3. Experimental Apparatus and Test Procedures
Figure 3 shows a flat plate resistance measuring system. The length of the flat plate is 700 mm and the width is 190 mm. The flat plate is suspended by four steel strips at the four corners. The force gage is located at the center of the plate to measure the resistance of the suspended flat plate. Figure 4 shows a porous plate microbubble injecting system, which is designed to inject the microbubbles through the porous plate. The length of the porous plate is 120 mm and the width is 190 mm. The pore sizes of porous plate used in the water tunnel test are 10 μm and 100 μm.
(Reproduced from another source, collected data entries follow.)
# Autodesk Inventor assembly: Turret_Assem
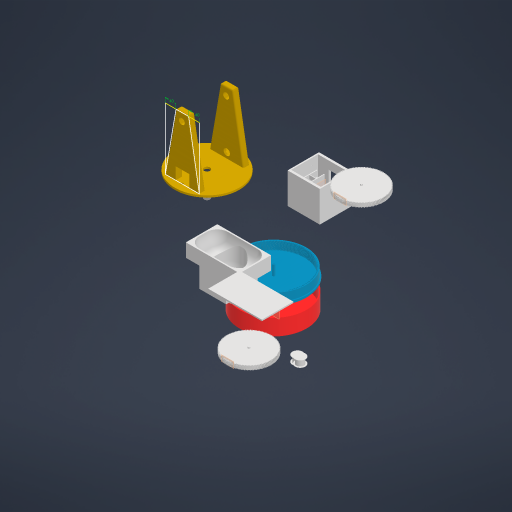
[picture p0: Inventor's stored thumbnail of the model, 512x512]
Saved by Autodesk Inventor 2023 (Build 270158000, 158)
## iProperties
Created: 2022-05-13
Part Number: Turret_Assem
Document SubType Name: Assembly
Designer: jayso
Author: jayso
## Documents named in this file (12)
- C:\Users\jayso\Desktop\Turret_CAD\CAD\Turret_Assem.iam
- C:\Users\jayso\Desktop\Turret_CAD\CAD\electronics-base.ipt
- C:\Users\jayso\Desktop\Turret_CAD\CAD\electronics-cover.ipt
- C:\Users\jayso\Desktop\Turret_CAD\CAD\y-axis-gear.ipt
- C:\Users\jayso\Desktop\Turret_CAD\CAD\x-axis-gear.ipt
- C:\Users\jayso\Desktop\Turret_CAD\CAD\turret-base.ipt
- C:\Users\jayso\Desktop\Turret_CAD\CAD\shooter-comp.ipt
- C:\Users\jayso\Desktop\Turret_CAD\CAD\shooter-right-shaft-attach.ipt
- C:\Users\jayso\Desktop\Turret_CAD\CAD\clip.ipt
- C:\Users\jayso\Desktop\Turret_CAD\CAD\clip-cover.ipt
- C:\Users\jayso\Desktop\Turret_CAD\CAD\flywheels.ipt
- C:\Users\jayso\Desktop\Turret_CAD\CAD\Turret_Assem\Design Accelerator\Bearing1.iam
## Components (13 placed, 11 different names)
1. electronics-base:1
2. electronics-cover:1
3. y-axis-gear:1
4. x-axis-gear:1
5. turret-base:1 — Mate:1
6. shooter-comp:1
7. shooter-right-shaft-attach:1
8. clip:1
9. clip-cover:1
10. flywheels:1
11. shooter-right-shaft-attach:2
12. flywheels:2
13. Bearing:1 [sub-assembly] — Mate:1
## Relationships (1: Mate 1)
- Mate:1: turret-base:1 ↔ Bearing:1

The microbubble injecting system is placed in front of the flat plate resistance measuring system, and they are combined together as a whole unit. Figure 5 shows the whole system installed in the water tunnel. The water tunnel is the K23 cavitation tunnel from K&R Germany.
The flat plate resistance measuring system.
Air chamber and porous plate (the yellow one).
The whole microbubble resistance measuring system in water tunnel.
The resistances of the flat plate without injecting microbubbles are first measured for different velocities varying from 2.45 m/s to 4.2 m/s. The resistances of the flat plate while injecting microbubbles are then measured for different air flow rates for each velocity. The air flow rates range from 12 L/min to 75 L/min.
The same system is also installed at the towing carriage to conduct the resistance test in the towing tank. The dimensions of the towing tank are 130 m in length, 8 m in width, and 4 m in depth. The maximum speed of the towing carriage is 5 m/s. Figure 6 shows the flat plate resistance measuring system with the towing carriage in the towing tank. The test procedure and conditions in the towing tank are the same as in the water tunnel.
The whole microbubble resistance measuring system in towing tank.
4. Test Results and Validation of the Boundary Layer Mixture Model
Figure 7 shows the measured resistance coefficients of the flat plate without injecting microbubbles tested in the water tunnel and in the towing tank. The measured resistance coefficients are about the same, both in the water tunnel and in the towing tank. The resistance coefficient calculated by the formula (8) is also shown in Figure 7. The measured resistance coefficients of the flat plate both from the water tunnel and the towing tank are a little higher than the resistance coefficients predicted by the formula (8). It is reasonably common to achieve a higher resistance in the test environment than when using the formula because of the imperfection of the flat plate test setup and the three-dimensional effects.
Resistance of flat plate without injected microbubbles.
Figure 8 shows the resistance coefficient ratio of the flat plate with the injected microbubbles by a 10 μm porous plate and without the injected microbubbles tested in the water tunnel. The measured resistance coefficient ratio is in good agreement with the drag reduction line predicted by the boundary mixture model. Figure 9 shows the resistance coefficient ratio of the flat plate with the injected microbubbles by a 100 μm porous plate and without the injected microbubbles tested in the water tunnel. The measured resistance coefficient ratio of the 100 μm porous plate is also in good agreement with the frictional resistance line predicted by the boundary mixture model.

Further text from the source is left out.